***** Source data *****
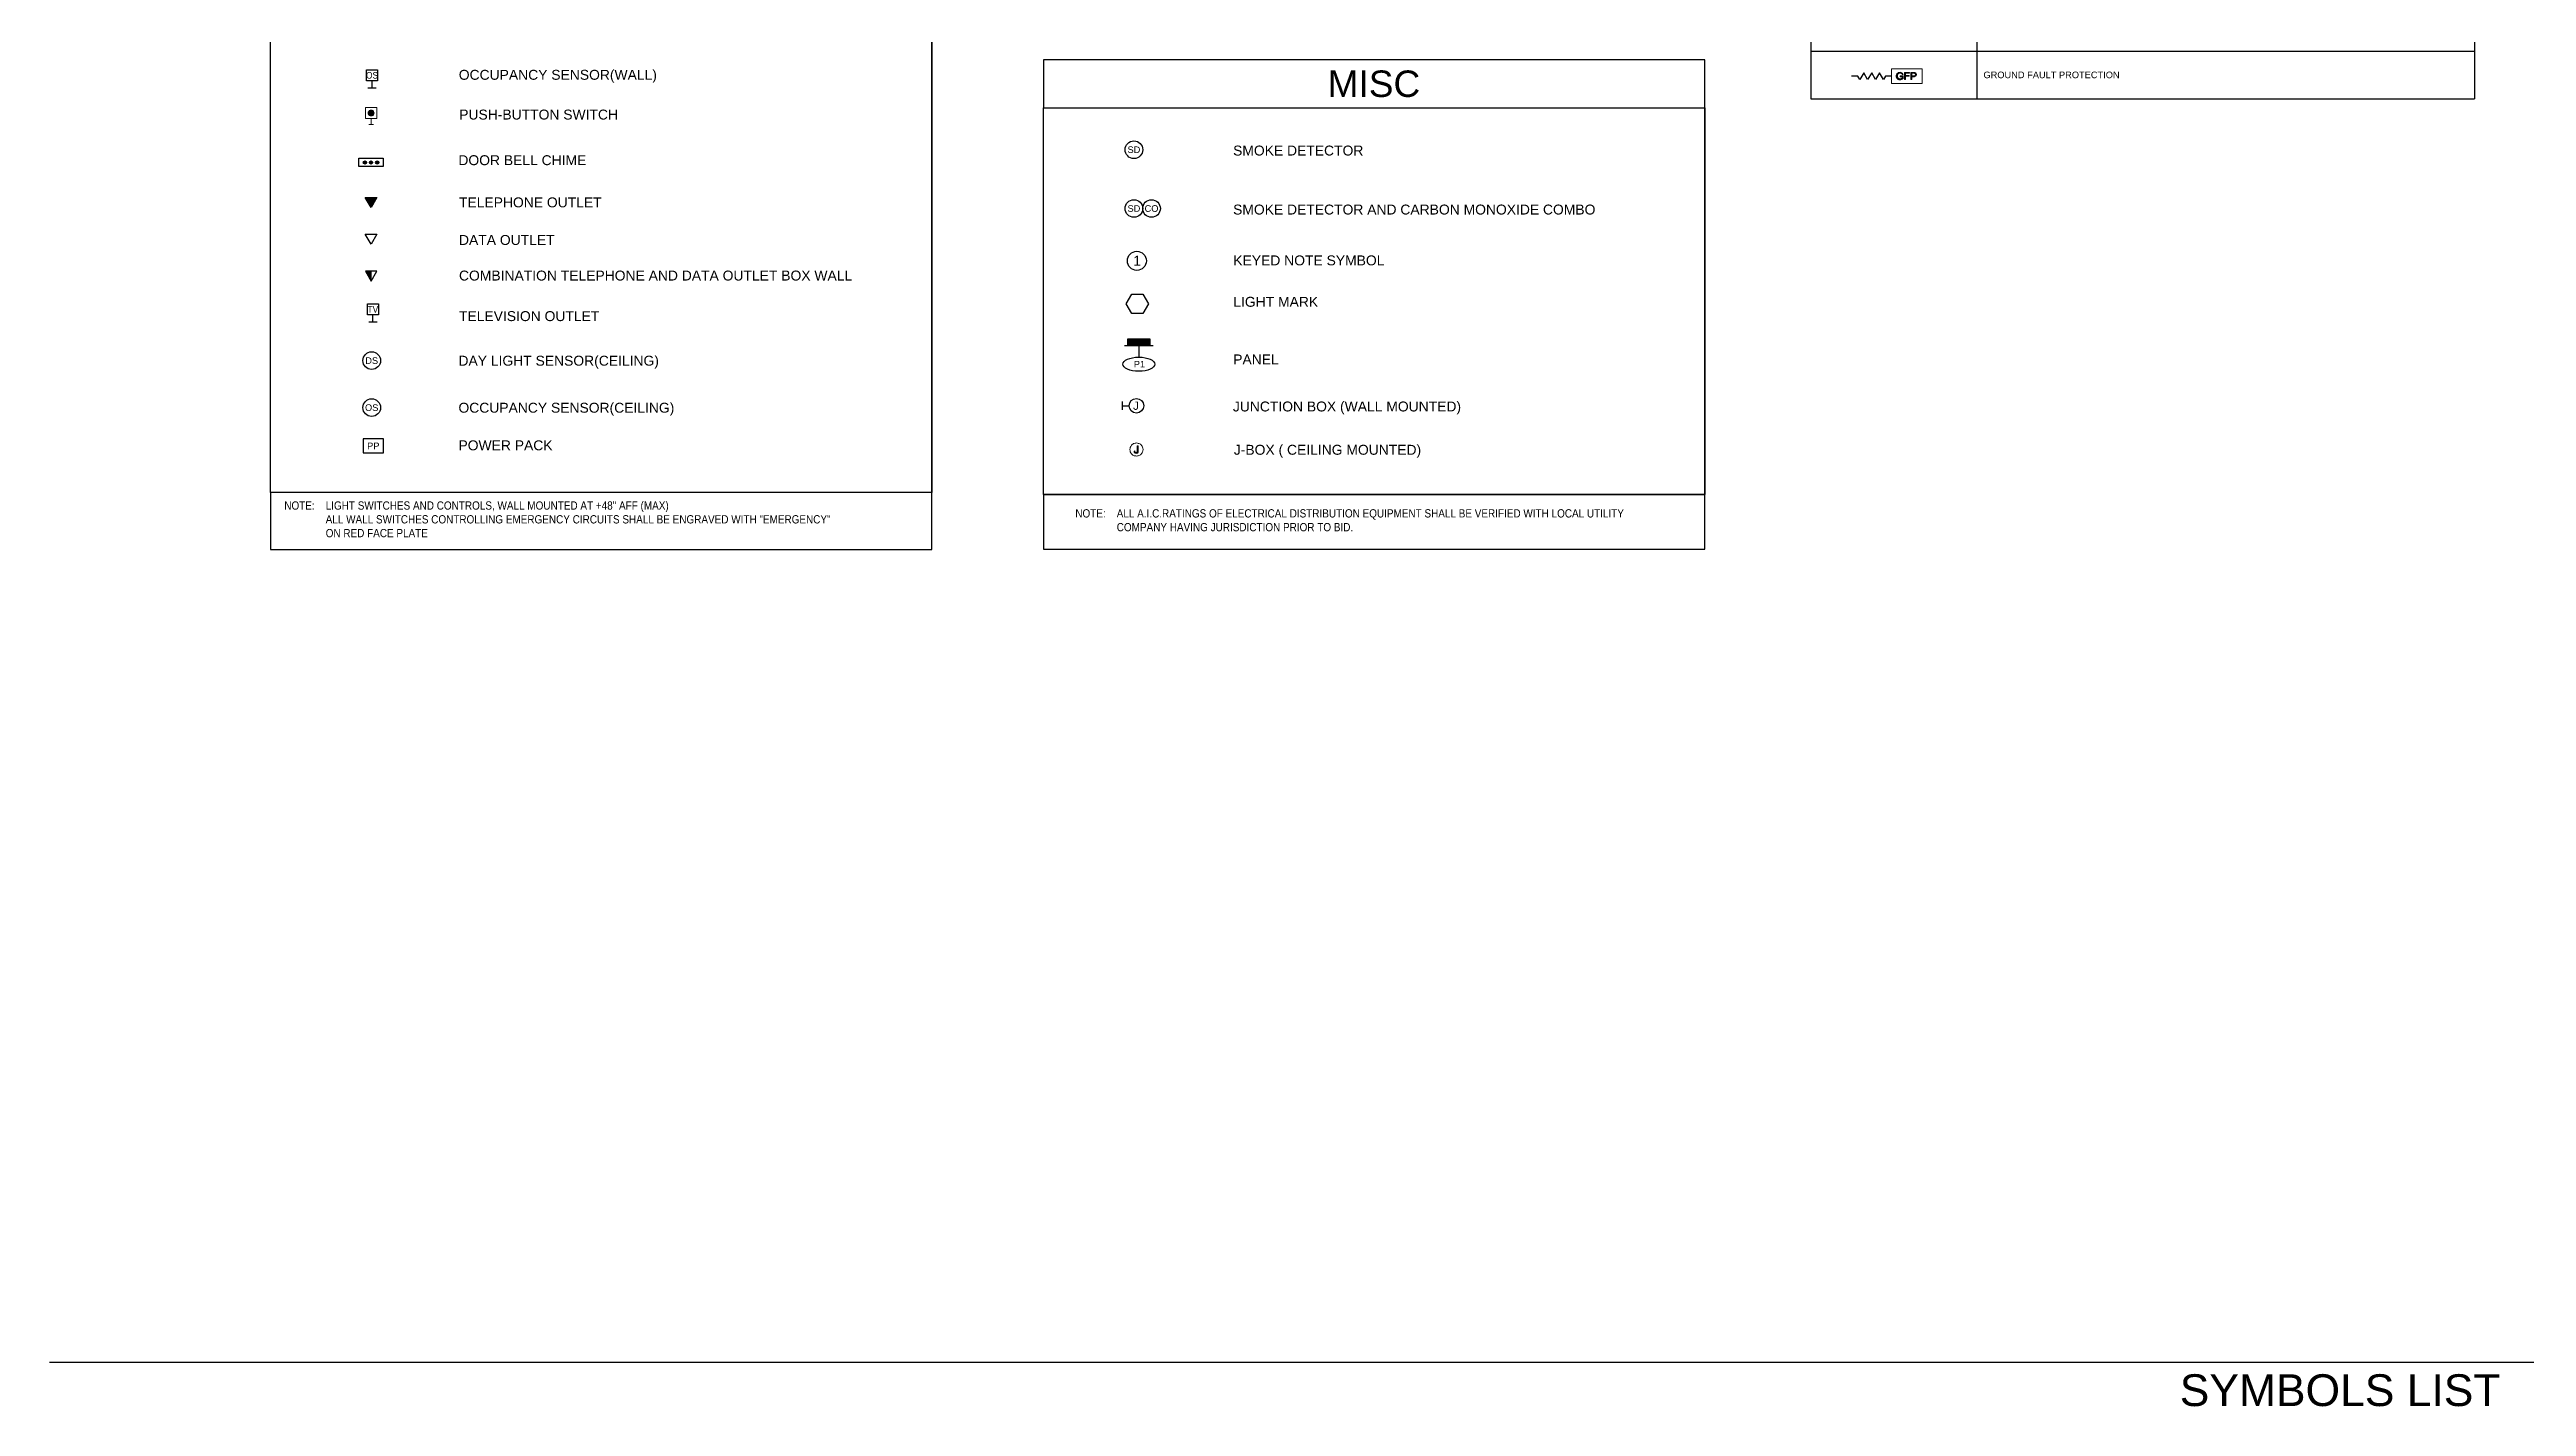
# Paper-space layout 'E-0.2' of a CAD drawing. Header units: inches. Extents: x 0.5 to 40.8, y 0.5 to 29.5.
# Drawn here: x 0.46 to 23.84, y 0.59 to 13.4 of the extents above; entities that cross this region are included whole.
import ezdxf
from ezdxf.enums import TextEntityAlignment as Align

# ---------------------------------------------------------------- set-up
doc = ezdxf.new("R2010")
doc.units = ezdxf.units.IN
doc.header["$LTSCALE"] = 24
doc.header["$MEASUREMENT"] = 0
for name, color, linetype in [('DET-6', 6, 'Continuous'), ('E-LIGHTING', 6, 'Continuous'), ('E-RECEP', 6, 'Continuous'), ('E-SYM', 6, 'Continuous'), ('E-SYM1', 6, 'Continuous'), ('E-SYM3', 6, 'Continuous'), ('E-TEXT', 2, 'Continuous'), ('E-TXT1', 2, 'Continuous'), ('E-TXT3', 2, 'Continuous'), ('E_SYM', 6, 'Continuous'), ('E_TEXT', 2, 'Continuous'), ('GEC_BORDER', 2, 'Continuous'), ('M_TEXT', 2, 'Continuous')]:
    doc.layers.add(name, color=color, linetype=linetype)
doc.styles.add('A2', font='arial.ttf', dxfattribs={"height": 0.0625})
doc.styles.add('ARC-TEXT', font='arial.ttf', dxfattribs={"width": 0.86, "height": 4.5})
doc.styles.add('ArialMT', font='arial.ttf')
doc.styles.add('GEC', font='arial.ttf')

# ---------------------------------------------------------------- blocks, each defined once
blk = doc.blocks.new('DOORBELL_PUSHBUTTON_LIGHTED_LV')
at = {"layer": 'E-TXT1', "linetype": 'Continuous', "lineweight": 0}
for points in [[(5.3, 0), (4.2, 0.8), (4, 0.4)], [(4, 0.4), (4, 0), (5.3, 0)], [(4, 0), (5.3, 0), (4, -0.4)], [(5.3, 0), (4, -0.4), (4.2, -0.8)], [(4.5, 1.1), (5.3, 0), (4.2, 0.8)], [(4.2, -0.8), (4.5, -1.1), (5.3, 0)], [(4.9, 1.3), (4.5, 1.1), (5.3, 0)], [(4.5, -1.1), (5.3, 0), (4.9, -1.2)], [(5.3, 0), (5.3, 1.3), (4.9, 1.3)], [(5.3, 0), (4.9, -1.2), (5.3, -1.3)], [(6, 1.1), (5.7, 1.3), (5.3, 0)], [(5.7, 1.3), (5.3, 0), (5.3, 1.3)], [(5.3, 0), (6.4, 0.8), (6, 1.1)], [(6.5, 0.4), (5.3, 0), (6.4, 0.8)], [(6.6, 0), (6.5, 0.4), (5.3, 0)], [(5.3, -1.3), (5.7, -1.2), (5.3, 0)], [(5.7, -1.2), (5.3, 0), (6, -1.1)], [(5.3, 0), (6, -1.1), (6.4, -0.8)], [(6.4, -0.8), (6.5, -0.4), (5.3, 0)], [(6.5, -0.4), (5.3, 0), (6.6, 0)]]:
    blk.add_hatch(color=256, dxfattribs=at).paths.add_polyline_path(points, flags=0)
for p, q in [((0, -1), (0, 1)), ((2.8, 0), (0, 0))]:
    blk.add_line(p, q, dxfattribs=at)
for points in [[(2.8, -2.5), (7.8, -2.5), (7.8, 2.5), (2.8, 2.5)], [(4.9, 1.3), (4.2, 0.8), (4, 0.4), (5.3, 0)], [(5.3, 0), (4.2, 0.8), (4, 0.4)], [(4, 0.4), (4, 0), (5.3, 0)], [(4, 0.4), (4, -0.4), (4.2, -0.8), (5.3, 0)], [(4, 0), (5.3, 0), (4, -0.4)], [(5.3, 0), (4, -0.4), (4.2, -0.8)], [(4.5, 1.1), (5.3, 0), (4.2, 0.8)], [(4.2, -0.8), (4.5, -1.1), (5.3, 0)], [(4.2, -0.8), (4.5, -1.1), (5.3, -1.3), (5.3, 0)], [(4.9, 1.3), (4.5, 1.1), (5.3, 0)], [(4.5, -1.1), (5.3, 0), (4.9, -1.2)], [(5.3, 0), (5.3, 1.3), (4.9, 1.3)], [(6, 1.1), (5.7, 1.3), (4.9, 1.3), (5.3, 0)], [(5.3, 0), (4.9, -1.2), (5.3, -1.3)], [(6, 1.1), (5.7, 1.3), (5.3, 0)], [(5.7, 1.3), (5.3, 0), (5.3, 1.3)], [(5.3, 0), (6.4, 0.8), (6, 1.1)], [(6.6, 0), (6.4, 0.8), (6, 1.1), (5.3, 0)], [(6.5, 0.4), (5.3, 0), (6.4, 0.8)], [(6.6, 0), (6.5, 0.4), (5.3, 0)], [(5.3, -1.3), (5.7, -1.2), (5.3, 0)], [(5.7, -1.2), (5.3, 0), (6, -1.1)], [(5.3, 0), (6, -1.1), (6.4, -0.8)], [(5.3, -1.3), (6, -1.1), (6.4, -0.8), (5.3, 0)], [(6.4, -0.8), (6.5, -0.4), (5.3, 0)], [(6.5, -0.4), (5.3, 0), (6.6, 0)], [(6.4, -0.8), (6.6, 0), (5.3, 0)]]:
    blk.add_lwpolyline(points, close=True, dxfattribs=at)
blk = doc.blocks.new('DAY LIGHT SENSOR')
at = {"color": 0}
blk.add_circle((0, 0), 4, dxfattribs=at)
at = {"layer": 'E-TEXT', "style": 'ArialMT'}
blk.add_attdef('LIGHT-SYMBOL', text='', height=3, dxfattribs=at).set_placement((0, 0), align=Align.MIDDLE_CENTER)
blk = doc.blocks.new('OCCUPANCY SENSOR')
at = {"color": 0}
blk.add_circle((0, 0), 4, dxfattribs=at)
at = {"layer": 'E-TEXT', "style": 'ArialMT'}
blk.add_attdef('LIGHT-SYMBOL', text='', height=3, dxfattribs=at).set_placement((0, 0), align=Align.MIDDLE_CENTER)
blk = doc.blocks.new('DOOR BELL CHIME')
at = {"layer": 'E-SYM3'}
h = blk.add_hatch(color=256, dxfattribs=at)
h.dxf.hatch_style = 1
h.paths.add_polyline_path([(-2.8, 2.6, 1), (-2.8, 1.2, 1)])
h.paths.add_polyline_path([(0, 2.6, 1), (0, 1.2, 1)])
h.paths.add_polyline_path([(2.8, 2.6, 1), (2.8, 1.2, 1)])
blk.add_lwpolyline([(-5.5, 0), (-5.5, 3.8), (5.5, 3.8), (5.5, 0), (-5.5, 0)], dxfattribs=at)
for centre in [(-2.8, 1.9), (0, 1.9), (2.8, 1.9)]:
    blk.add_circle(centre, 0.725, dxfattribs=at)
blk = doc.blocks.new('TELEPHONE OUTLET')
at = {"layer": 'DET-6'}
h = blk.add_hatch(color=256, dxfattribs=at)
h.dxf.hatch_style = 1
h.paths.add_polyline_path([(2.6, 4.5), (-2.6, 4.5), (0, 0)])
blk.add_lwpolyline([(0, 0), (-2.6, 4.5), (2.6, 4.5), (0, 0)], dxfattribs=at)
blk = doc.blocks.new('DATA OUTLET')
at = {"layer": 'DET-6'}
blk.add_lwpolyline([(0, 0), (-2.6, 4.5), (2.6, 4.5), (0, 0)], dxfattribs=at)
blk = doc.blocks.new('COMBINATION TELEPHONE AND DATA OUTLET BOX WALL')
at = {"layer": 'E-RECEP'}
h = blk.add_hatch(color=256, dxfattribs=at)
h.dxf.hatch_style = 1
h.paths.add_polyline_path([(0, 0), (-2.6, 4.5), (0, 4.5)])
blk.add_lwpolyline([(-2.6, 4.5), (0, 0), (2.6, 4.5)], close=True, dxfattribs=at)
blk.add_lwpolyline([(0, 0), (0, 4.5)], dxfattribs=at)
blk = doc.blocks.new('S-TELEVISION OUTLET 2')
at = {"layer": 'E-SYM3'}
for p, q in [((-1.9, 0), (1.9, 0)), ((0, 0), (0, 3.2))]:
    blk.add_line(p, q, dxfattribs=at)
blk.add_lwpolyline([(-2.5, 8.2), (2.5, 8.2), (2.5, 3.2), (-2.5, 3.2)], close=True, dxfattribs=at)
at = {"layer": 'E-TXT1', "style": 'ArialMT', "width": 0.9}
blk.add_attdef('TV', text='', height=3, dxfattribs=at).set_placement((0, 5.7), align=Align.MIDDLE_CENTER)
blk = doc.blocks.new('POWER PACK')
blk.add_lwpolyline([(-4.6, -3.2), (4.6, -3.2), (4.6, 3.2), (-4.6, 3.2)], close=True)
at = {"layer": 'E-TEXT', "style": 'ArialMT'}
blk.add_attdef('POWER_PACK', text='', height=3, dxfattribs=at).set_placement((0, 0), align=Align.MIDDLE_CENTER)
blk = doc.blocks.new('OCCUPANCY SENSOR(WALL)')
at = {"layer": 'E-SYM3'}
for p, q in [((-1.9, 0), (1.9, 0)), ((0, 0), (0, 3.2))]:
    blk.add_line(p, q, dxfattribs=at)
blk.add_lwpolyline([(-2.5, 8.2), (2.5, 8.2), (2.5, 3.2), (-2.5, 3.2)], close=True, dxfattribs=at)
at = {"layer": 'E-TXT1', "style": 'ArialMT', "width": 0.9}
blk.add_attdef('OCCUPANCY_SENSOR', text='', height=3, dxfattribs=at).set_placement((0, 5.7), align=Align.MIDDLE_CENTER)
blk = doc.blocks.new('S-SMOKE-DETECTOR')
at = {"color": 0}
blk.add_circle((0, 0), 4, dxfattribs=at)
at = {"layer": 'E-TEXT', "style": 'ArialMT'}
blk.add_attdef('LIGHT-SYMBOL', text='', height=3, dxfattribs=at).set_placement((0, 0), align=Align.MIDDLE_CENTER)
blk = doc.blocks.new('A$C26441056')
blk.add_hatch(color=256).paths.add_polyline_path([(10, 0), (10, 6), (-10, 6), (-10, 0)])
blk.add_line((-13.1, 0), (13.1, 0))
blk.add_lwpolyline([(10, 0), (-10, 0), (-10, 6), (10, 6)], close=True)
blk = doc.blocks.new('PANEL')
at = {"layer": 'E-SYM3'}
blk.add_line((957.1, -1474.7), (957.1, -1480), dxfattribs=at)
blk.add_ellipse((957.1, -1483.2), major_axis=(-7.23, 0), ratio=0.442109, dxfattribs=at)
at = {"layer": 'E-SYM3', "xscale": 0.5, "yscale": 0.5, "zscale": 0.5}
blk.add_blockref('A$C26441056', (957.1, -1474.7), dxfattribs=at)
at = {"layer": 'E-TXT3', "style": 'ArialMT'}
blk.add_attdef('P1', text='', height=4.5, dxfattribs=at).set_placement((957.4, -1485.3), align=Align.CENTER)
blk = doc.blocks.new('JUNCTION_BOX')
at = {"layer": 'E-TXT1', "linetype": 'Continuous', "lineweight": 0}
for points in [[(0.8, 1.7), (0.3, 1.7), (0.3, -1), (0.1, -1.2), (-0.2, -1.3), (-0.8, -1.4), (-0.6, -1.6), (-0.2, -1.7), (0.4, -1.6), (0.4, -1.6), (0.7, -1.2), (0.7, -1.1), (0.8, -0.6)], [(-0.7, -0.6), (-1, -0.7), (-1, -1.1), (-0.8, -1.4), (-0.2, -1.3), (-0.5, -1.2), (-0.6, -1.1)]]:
*****
### [What is being asked]
Go through the material above and output exactly the lines from the one containing "blk = doc.blocks.new('PANEL')" through the one containing "blk = doc.blocks.new('JUNCTION_BOX')".

### [Expected output]
blk = doc.blocks.new('PANEL')
at = {"layer": 'E-SYM3'}
blk.add_line((957.1, -1474.7), (957.1, -1480), dxfattribs=at)
blk.add_ellipse((957.1, -1483.2), major_axis=(-7.23, 0), ratio=0.442109, dxfattribs=at)
at = {"layer": 'E-SYM3', "xscale": 0.5, "yscale": 0.5, "zscale": 0.5}
blk.add_blockref('A$C26441056', (957.1, -1474.7), dxfattribs=at)
at = {"layer": 'E-TXT3', "style": 'ArialMT'}
blk.add_attdef('P1', text='', height=4.5, dxfattribs=at).set_placement((957.4, -1485.3), align=Align.CENTER)
blk = doc.blocks.new('JUNCTION_BOX')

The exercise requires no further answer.